Work task - From the records below, set down exactly the lines starting with the line that contains "Constant9/1 -> Bus" and going on through the line that contains "In6/1 -> 9DFront/2(AccYFront)". Nothing else is wanted.

Source data:
= = =

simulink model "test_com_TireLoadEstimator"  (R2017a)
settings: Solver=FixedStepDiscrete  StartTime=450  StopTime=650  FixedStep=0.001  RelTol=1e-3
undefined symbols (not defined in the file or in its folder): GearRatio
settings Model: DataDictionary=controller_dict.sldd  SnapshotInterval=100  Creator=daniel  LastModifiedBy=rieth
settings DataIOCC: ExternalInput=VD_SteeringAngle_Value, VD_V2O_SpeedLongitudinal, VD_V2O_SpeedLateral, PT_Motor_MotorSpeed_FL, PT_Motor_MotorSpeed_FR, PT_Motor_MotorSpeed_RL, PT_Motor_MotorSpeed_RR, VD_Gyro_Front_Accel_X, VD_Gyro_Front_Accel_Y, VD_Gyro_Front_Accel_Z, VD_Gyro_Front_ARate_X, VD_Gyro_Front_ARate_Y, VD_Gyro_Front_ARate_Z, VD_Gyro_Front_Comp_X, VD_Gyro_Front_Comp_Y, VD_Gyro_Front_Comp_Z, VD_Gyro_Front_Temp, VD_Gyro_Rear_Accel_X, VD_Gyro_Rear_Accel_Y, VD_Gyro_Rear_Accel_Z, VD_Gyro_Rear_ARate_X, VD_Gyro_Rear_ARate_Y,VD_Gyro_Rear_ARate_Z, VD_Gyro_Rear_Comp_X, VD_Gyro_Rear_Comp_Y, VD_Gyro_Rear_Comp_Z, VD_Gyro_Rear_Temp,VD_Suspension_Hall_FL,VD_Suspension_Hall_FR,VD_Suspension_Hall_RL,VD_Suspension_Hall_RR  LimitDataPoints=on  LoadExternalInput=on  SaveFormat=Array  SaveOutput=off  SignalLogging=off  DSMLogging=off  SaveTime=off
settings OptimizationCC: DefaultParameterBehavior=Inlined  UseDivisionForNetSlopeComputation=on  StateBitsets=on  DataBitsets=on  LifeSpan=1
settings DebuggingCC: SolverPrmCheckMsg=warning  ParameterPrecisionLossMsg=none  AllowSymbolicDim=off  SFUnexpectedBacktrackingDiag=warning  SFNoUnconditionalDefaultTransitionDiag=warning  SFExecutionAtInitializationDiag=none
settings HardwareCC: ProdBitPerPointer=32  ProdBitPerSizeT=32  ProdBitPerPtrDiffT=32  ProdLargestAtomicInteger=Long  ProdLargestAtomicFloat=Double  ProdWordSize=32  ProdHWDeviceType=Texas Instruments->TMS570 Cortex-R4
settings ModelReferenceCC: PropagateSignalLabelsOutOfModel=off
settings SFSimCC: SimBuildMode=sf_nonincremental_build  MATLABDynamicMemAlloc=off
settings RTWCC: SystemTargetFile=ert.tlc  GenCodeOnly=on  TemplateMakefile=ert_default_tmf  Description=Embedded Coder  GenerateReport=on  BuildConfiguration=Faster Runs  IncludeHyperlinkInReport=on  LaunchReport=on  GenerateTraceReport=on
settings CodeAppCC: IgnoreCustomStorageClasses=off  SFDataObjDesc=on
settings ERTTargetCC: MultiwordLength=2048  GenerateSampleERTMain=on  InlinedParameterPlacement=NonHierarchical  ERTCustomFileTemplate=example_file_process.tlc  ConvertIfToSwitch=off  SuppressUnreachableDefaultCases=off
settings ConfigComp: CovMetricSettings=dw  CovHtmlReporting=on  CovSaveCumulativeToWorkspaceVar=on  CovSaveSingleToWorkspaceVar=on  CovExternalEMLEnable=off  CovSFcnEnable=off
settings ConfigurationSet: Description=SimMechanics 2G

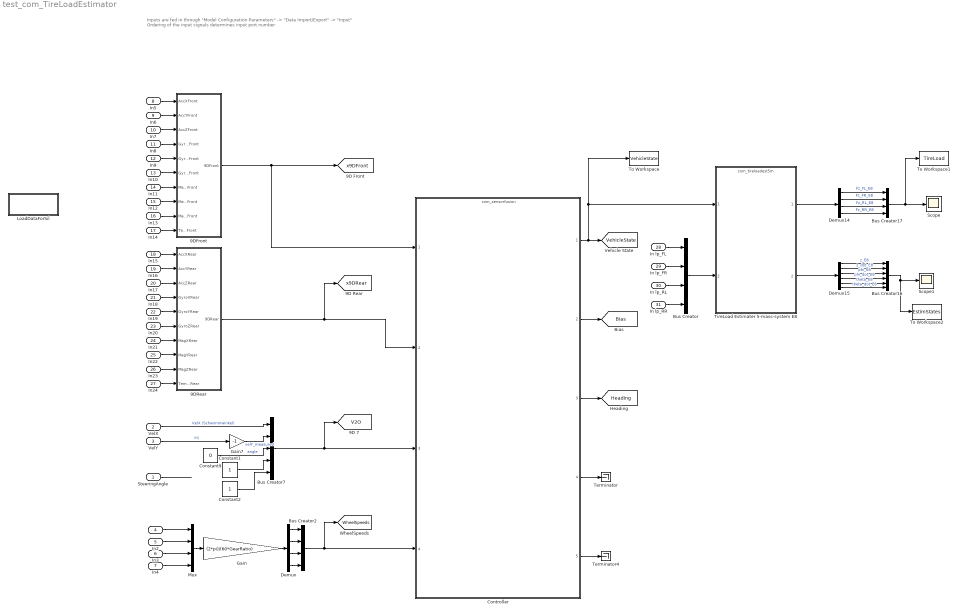
== system test_com_TireLoadEstimator ==
  note: Inputs are fed in through "Model Configuration Parameters" -> "Data Import/Export" -> "Input"
      | Ordering of the input signals determines input port number
  SteeringAngle : Inport  OutDataTypeStr=single  Interpolate=off
  VelX : Inport  Port=2  OutDataTypeStr=single
  VelY : Inport  Port=3  OutDataTypeStr=single
  " " : Inport  Port=4  OutDataTypeStr=single
  In2 : Inport  Port=5  OutDataTypeStr=single
  In3 : Inport  Port=6  OutDataTypeStr=single
  In4 : Inport  Port=7  OutDataTypeStr=single
  In5 : Inport  Port=8
  In6 : Inport  Port=9
  In7 : Inport  Port=10
  In8 : Inport  Port=11
  In9 : Inport  Port=12
  In10 : Inport  Port=13
  In11 : Inport  Port=14
  In12 : Inport  Port=15
  In13 : Inport  Port=16
  In14 : Inport  Port=17
  In15 : Inport  Port=18
  In16 : Inport  Port=19
  In17 : Inport  Port=20
  In18 : Inport  Port=21
  In19 : Inport  Port=22
  In20 : Inport  Port=23
  In21 : Inport  Port=24
  In22 : Inport  Port=25
  In23 : Inport  Port=26
  In24 : Inport  Port=27
  In lp_FL : Inport  Port=28  OutDataTypeStr=single
  In lp_FR : Inport  Port=29  OutDataTypeStr=single
  In lp_RL : Inport  Port=30  OutDataTypeStr=single
  In lp_RR : Inport  Port=31  OutDataTypeStr=single
  9DFront : Subsystem
  9DRear : Subsystem
  Bus Creator : BusCreator  Inputs=4
  Bus Creator16 : BusCreator  Inputs=6
  Bus Creator17 : BusCreator  Inputs=4
  Bus Creator2 : BusCreator  Inputs=4  OutDataTypeStr=Bus: control_WheelSpeed
      settings: InheritFromInputs=off
  Bus Creator7 : BusCreator  Inputs=5  OutDataTypeStr=Bus: control_velocity
      settings: InheritFromInputs=off
  Constant1 : Constant  OutDataTypeStr=boolean
  Constant2 : Constant  OutDataTypeStr=boolean
  Constant9 : Constant  Value=0  OutDataTypeStr=Inherit: Inherit via back propagation
  Controller : ModelReference  ModelNameDialog=com_sensorfusion.slx  SimulationMode=Normal  ModelReferenceVersion=1.1509
  Demux : Demux
  Demux14 : Demux
  Demux15 : Demux  Outputs=6
  Gain : Gain  Gain=(2*pi)/(60*GearRatio)
  Gain7 : Gain  Gain=-1
  LoadDataForSil : Subsystem
      settings: OpenFcn=LoadDataForSil
  Mux : Mux
  Scope : Scope
  Scope1 : Scope
  Terminator : Terminator
  Terminator4 : Terminator
  TireLoad Estimater 5-mass-system E8 : ModelReference  ModelNameDialog=com_tireloadest5m.slx  SimulationMode=Normal  ModelReferenceVersion=1.119
  To Workspace : ToWorkspace  VariableName=VehicleState  SaveFormat=Structure With Time  SampleTime=-1
  To Workspace1 : ToWorkspace  VariableName=TireLoad  SaveFormat=Structure With Time  SampleTime=-1
  To Workspace2 : ToWorkspace  VariableName=EstimStates  SaveFormat=Structure With Time  SampleTime=-1
  tag scope: Bias=global, Heading=global, V2O=global, VehicleState=global, WheelSpeeds=global, x9DFront=global, x9DRear=global
  wires:
  Bus Creator7/1 -> [V2O], Controller/3
  9DRear/1(9DRear) -> Controller/2, [x9DRear]
  VelY/1 -> Gain7/1  "vq"
  Constant9/1 -> Bus Creator7/3  "angle"
  Demux/1 -> Bus Creator2/1
  Demux/2 -> Bus Creator2/2
  Demux/3 -> Bus Creator2/3
  Gain/1 -> Demux/1
  Mux/1 -> Gain/1
  " "/1 -> Mux/1
  In2/1 -> Mux/2
  In3/1 -> Mux/3
  In4/1 -> Mux/4
  VelX/1 -> Bus Creator7/1  "VelX (Schwimmwinkel)"
  SteeringAngle/1 -> ?
  Gain7/1 -> Bus Creator7/2  "velY_measured"
  Demux/4 -> Bus Creator2/4
  In5/1 -> 9DFront/1(AccXFront)
  In6/1 -> 9DFront/2(AccYFront)
  In7/1 -> 9DFront/3(AccZFront)
  In8/1 -> 9DFront/4(GyroXFront)
  In9/1 -> 9DFront/5(GyroYFront)
  In10/1 -> 9DFront/6(GyroZFront)
  In11/1 -> 9DFront/7(MagXFront)
  In12/1 -> 9DFront/8(MagYFront)
  In13/1 -> 9DFront/9(MagZFront)
  In14/1 -> 9DFront/10(Temp9DFront)
  In16/1 -> 9DRear/2(AccYRear)
  In18/1 -> 9DRear/4(GyroXRear)
  In21/1 -> 9DRear/7(MagXRear)
  In23/1 -> 9DRear/9(MagZRear)
  In19/1 -> 9DRear/5(GyroYRear)
  In24/1 -> 9DRear/10(Temp9DRear)
  In20/1 -> 9DRear/6(GyroZRear)
  In15/1 -> 9DRear/1(AccXRear)
  In22/1 -> 9DRear/8(MagYRear)
  In17/1 -> 9DRear/3(AccZRear)
  9DFront/1(9DFront) -> [x9DFront], Controller/1
  Controller/2 -> [Bias]
  Controller/3 -> [Heading]
  Controller/4 -> Terminator/1
  Bus Creator2/1 -> Controller/4, [WheelSpeeds]
  In lp_FL/1 -> Bus Creator/1
  In lp_FR/1 -> Bus Creator/2
  In lp_RL/1 -> Bus Creator/3
  In lp_RR/1 -> Bus Creator/4
  Bus Creator/1 -> TireLoad Estimater 5-mass-system E8/2
  Constant1/1 -> Bus Creator7/4
  Demux15/1 -> Bus Creator16/1  "z_E8"
  Demux15/6 -> Bus Creator16/6  "theta_dot_E8"
  Demux15/5 -> Bus Creator16/5  "theta_E8"
  Demux15/4 -> Bus Creator16/4  "phi_dot_E8"
  Demux15/3 -> Bus Creator16/3  "phi_E8"
  Demux15/2 -> Bus Creator16/2  "z_dot_E8"
  Demux14/1 -> Bus Creator17/1  "Fz_FL_E8"
  Demux14/2 -> Bus Creator17/2  "Fz_FR_E8"
  Demux14/3 -> Bus Creator17/3  "Fz_RL_E8"
  Demux14/4 -> Bus Creator17/4  "Fz_RR_E8"
  Controller/1 -> [VehicleState], To Workspace/1, TireLoad Estimater 5-mass-system E8/1
  TireLoad Estimater 5-mass-system E8/2 -> Demux15/1
  TireLoad Estimater 5-mass-system E8/1 -> Demux14/1
  Controller/5 -> Terminator4/1
  Constant2/1 -> Bus Creator7/5
  Bus Creator17/1 -> To Workspace1/1, Scope/1
  Bus Creator16/1 -> Scope1/1, To Workspace2/1

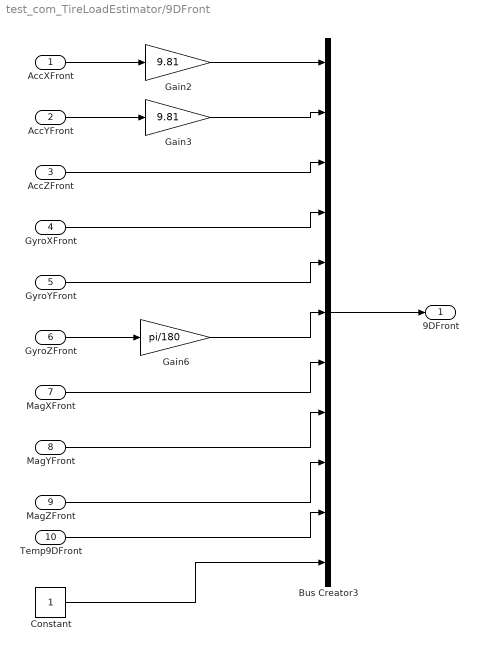
== system test_com_TireLoadEstimator/9DFront ==
  AccXFront : Inport
  AccYFront : Inport  Port=2
  AccZFront : Inport  Port=3
  GyroXFront : Inport  Port=4
  GyroYFront : Inport  Port=5
  GyroZFront : Inport  Port=6
  MagXFront : Inport  Port=7
  MagYFront : Inport  Port=8
  MagZFront : Inport  Port=9
  Temp9DFront : Inport  Port=10
  Bus Creator3 : BusCreator  Inputs=11  OutDataTypeStr=Bus: control_9D_Full_float
      settings: InheritFromInputs=off
  Constant : Constant  OutDataTypeStr=boolean
  Gain2 : Gain  Gain=9.81
  Gain3 : Gain  Gain=9.81
  Gain6 : Gain  Gain=pi/180
  9DFront : Outport
  wires:
  AccXFront/1 -> Gain2/1
  Temp9DFront/1 -> Bus Creator3/10
  GyroZFront/1 -> Gain6/1
  AccZFront/1 -> Bus Creator3/3
  AccYFront/1 -> Gain3/1
  GyroYFront/1 -> Bus Creator3/5
  MagZFront/1 -> Bus Creator3/9
  Gain2/1 -> Bus Creator3/1
  Bus Creator3/1 -> 9DFront/1
  MagYFront/1 -> Bus Creator3/8
  MagXFront/1 -> Bus Creator3/7
  Gain6/1 -> Bus Creator3/6
  GyroXFront/1 -> Bus Creator3/4
  Gain3/1 -> Bus Creator3/2
  Constant/1 -> Bus Creator3/11

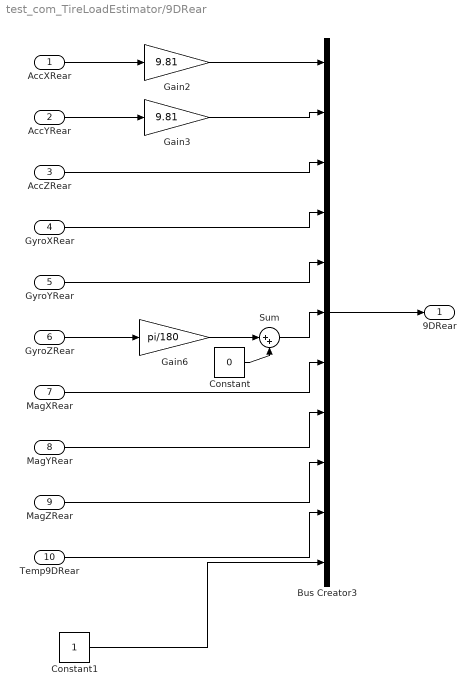
== system test_com_TireLoadEstimator/9DRear ==
  AccXRear : Inport
  AccYRear : Inport  Port=2
  AccZRear : Inport  Port=3
  GyroXRear : Inport  Port=4
  GyroYRear : Inport  Port=5
  GyroZRear : Inport  Port=6
  MagXRear : Inport  Port=7
  MagYRear : Inport  Port=8
  MagZRear : Inport  Port=9
  Temp9DRear : Inport  Port=10
  Bus Creator3 : BusCreator  Inputs=11  OutDataTypeStr=Bus: control_9D_Full_float
      settings: InheritFromInputs=off
  Constant : Constant  Value=0  OutDataTypeStr=single
  Constant1 : Constant  OutDataTypeStr=boolean
  Gain2 : Gain  Gain=9.81
  Gain3 : Gain  Gain=9.81
  Gain6 : Gain  Gain=pi/180
  Sum : Sum  Inputs=|++
  9DRear : Outport
  wires:
  GyroXRear/1 -> Bus Creator3/4
  Gain6/1 -> Sum/1
  MagXRear/1 -> Bus Creator3/7
  MagYRear/1 -> Bus Creator3/8
  Bus Creator3/1 -> 9DRear/1
  Gain3/1 -> Bus Creator3/2
  Gain2/1 -> Bus Creator3/1
  MagZRear/1 -> Bus Creator3/9
  GyroYRear/1 -> Bus Creator3/5
  AccYRear/1 -> Gain3/1
  AccZRear/1 -> Bus Creator3/3
  GyroZRear/1 -> Gain6/1
  Temp9DRear/1 -> Bus Creator3/10
  AccXRear/1 -> Gain2/1
  Sum/1 -> Bus Creator3/6
  Constant/1 -> Sum/2
  Constant1/1 -> Bus Creator3/11

== system test_com_TireLoadEstimator/LoadDataForSil ==

= = =

Response -
  Constant9/1 -> Bus Creator7/3  "angle"
  Demux/1 -> Bus Creator2/1
  Demux/2 -> Bus Creator2/2
  Demux/3 -> Bus Creator2/3
  Gain/1 -> Demux/1
  Mux/1 -> Gain/1
  " "/1 -> Mux/1
  In2/1 -> Mux/2
  In3/1 -> Mux/3
  In4/1 -> Mux/4
  VelX/1 -> Bus Creator7/1  "VelX (Schwimmwinkel)"
  SteeringAngle/1 -> ?
  Gain7/1 -> Bus Creator7/2  "velY_measured"
  Demux/4 -> Bus Creator2/4
  In5/1 -> 9DFront/1(AccXFront)
  In6/1 -> 9DFront/2(AccYFront)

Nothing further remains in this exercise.